DOJ: Futures Structure 'Anti-competitive'
CME, Nymex say vertical clearing key to global competitiveness
February 11, 2008
The U.S. Department of Justice (DOJ) last week called the vertical structure of U.S. futures exchanges anti-competitive and costly for investors. Though the statement is unlikely to result in imminent regulatory changes, it highlights the growing concerns that have prompted global banks to launch competing execution venues.
The DOJ's letter, issued on Feb. 6, was a response to the Treasury Department's request for comments, filed in October, on how best to bolster U.S. competitiveness in the capital markets. The 22-page letter cites the DOJ's experience investigating anti-competitive behavior across the U.S. financial markets and concludes that "current rules and policies related to clearing futures contracts may be unnecessarily inhibiting competition among futures exchanges in the development and trading of financial futures contracts, to the detriment of the economy and consumers."
The biggest U.S. futures market operator is CME Group, consisting of the Chicago Mercantile Exchange and Chicago Board of Trade (CBOT), which merged on Dec. 7. The group announced last month that it was in talks to buy the New York Mercantile Exchange (Nymex) for $11 billion in cash and stock. Each of those exchanges has cleared its own listed products--a vertical business structure, unlike the equity and options markets, and one that critics have long said inhibits competition and inflates fees.
The DOJ letter contains those criticisms and recommends that Treasury "undertake a careful and objective review of exchange-controlled clearing of financial futures, the regulatory structure that underlies it, and its alternatives."
Interpreting that language as a threat to CME's healthy profits, investors unloaded the exchange's stock, slashing its price 17.5 percent on Feb. 6, to $485.35 per share from $588.80. The price recovered somewhat the following day, closing at $528.01.
Richard Repetto, an analyst at Sandler O'Neill & Partners, called the letter a "non-event," adding, "No one is going to act on this DOJ letter."
Repetto said the agency may be laying the foundation for an antitrust action, in the event CME agrees to acquire Nymex. The DOJ letter is a "direct contradiction," he said, to one it issued in June supporting CME's purchase of CBOT. In that letter, the DOJ claims that neither "the transaction or the clearing agreement is likely to reduce competition substantially"; product innovation stems less from competition between the exchanges than "winning business from" the over-the-counter market; and consolidating their clearinghouses would not stop new entrants.
Still, the agency's new statement has met with some fanfare. "The DOJ's recommendation is an amazingly intelligent analysis," said a market participant who asked that his name not be disclosed. "It's extremely courageous politically because the exchanges are one of the strongest political lobbies in the U.S."
Exchanges React
In a statement issued by CME Group on Feb. 6, the company said it "welcomes the opportunity to participate in industry discussions concerning market structure and the organization of clearing and settlement services."
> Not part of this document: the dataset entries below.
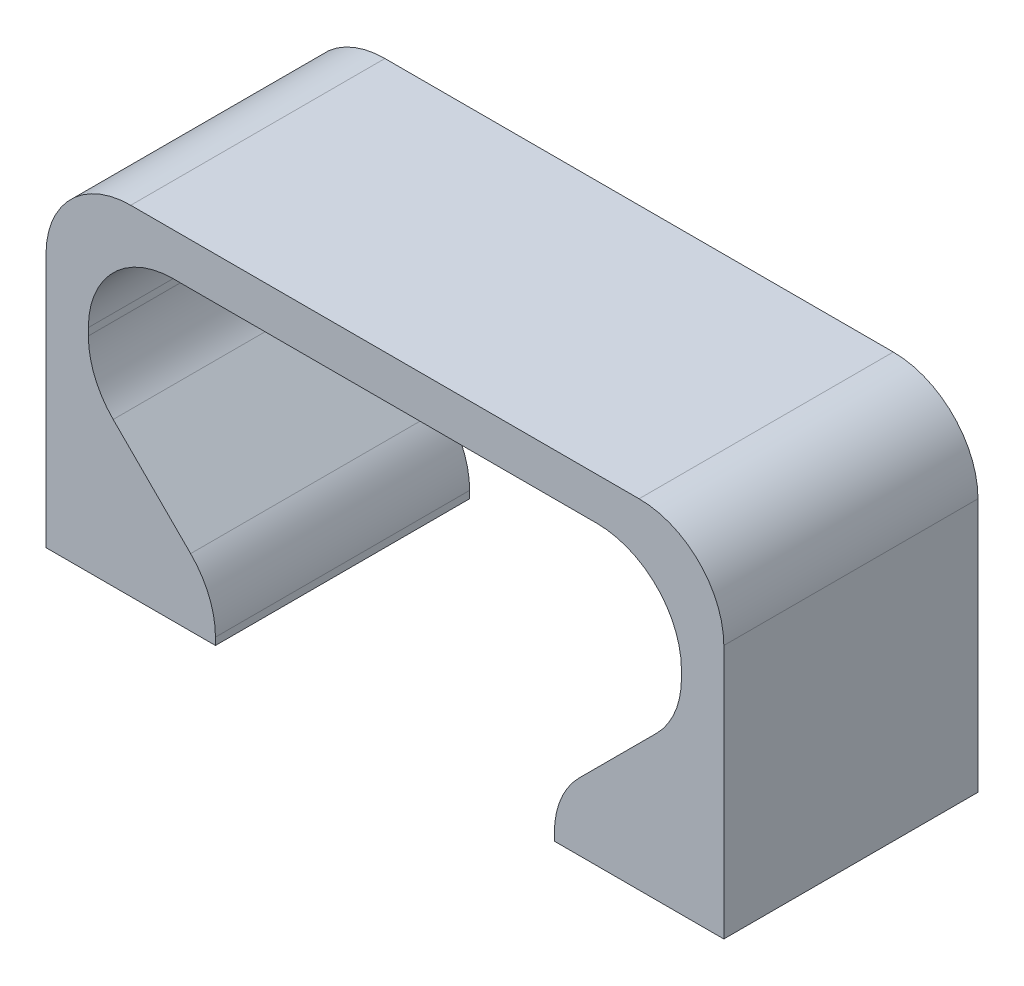
SolidWorks part; units mm, degrees
ref_plane "Front Plane" through (0, 0, 0) normal (0, 0, 1) x (1, 0, 0)
ref_plane "Top Plane" through (0, 0, 0) normal (0, 1, 0) x (1, 0, 0)
ref_plane "Right Plane" through (0, 0, 0) normal (1, 0, 0) x (0, 0, -1)
sketch "Sketch1" plane through (0, 0, 0) normal (0, 0, 1) x (1, 0, 0)
  line L0 (-20, 20) -> (20, 20)
  line L1 (20, 20) -> (20, 0)
  line L2 (20, 0) -> (10, 0)
  line L4 (17.5, 10) -> (17.5, 17.5)
  line L5 (17.5, 17.5) -> (-17.5, 17.5)
  line L6 (-17.5, 17.5) -> (-17.5, 10)
  line L8 (-10, 0) -> (-20, 0)
  line L9 (-20, 0) -> (-20, 20)
  line L10 (-10, 0) -> (10, 0) construction
  line L11 (-20, 10) -> (-17.5, 10) construction
  line L12 (17.5, 10) -> (-17.5, 10) construction
  line L13 (17.5, 10) -> (20, 10) construction
  line L14 (0, 20) -> (0, 17.5) construction
  line L15 (-17.5, 10) -> (-10, 2.5)
  line L16 (-10, 2.5) -> (-10, 0)
  line L17 (10, 0) -> (10, 2.5)
  line L18 (10, 2.5) -> (17.5, 10)
  line L19 (-10, 2.5) -> (10, 2.5) construction
  dimension "D1" = 2.5
  dimension "D2" = 40
  dimension "D3" = 20
  dimension "D4" = 20
  dimension "D5" = 10
  dimension "D6" = 2.5
extrude "Boss-Extrude1" add sketch "Sketch1" along normal blind 7.5 and the other way blind 7.5
fillet "Fillet1" radius 5 8 edges at (20, 20, 0) (-20, 20, 0) (17.5, 17.5, 0) (-17.5, 17.5, 0) (17.5, 10, 0) (10, 2.5, 0) (-10, 2.5, 0) (-17.5, 10, 0)
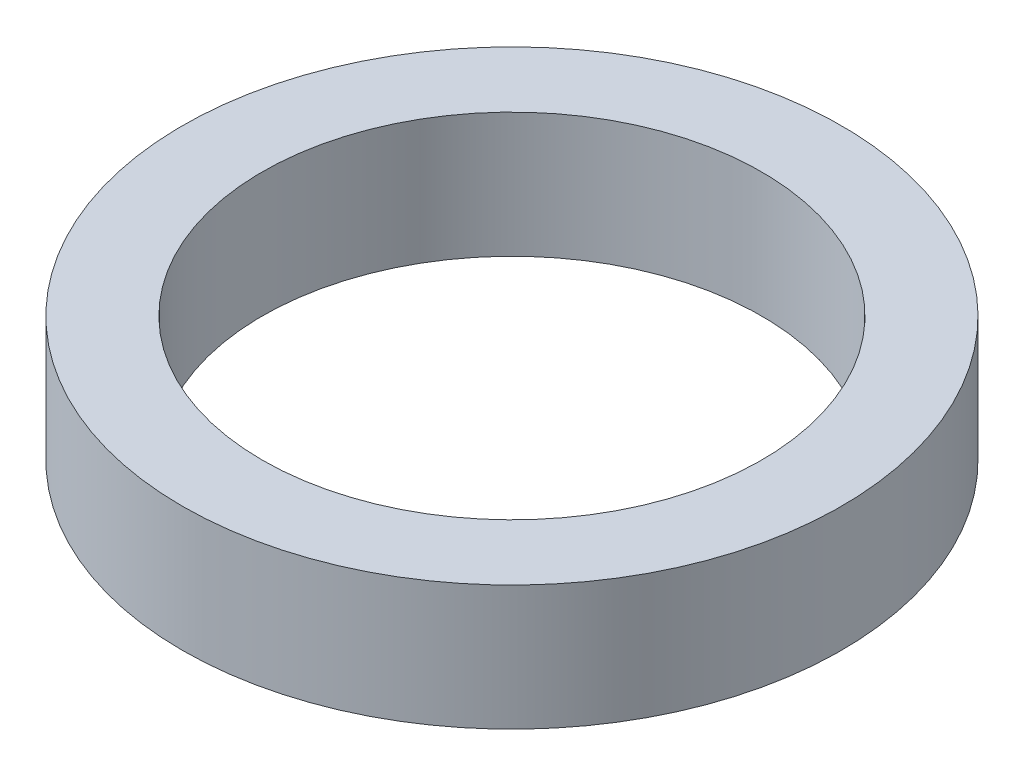
SolidWorks part; units mm, degrees
material "6061-T6 (SS)"
ref_plane "Front Plane" through (0, 0, 0) normal (0, 0, 1) x (1, 0, 0)
ref_plane "Top Plane" through (0, 0, 0) normal (0, 1, 0) x (1, 0, 0)
ref_plane "Right Plane" through (0, 0, 0) normal (1, 0, 0) x (0, 0, -1)
sketch "Sketch1" plane through (0, 0, 0) normal (0, 1, 0) x (1, 0, 0)
  circle A0 centre (0, 0) radius 3.175
  circle A1 centre (0, 0) radius 4.191
  dimension "D1" = 6.35
  dimension "D2" = 1.016
extrude "Boss-Extrude1" add sketch "Sketch1" along normal blind 1.5875

Calling vertical clearing the "industry standard," CME noted that, "unlike domestic stock and options exchanges, domestic futures exchanges compete directly with non-U.S. futures exchanges, where 70 percent of all futures and options contracts traded globally are cleared on or through exchange-owned or -controlled clearing facilities. Any failure to recognize that fact would create an un-level playing field for U.S. futures exchanges at a time when U.S. futures exchanges are the strongest example of how to maintain our overall competitiveness in global financial markets--a key area of concern in recent times."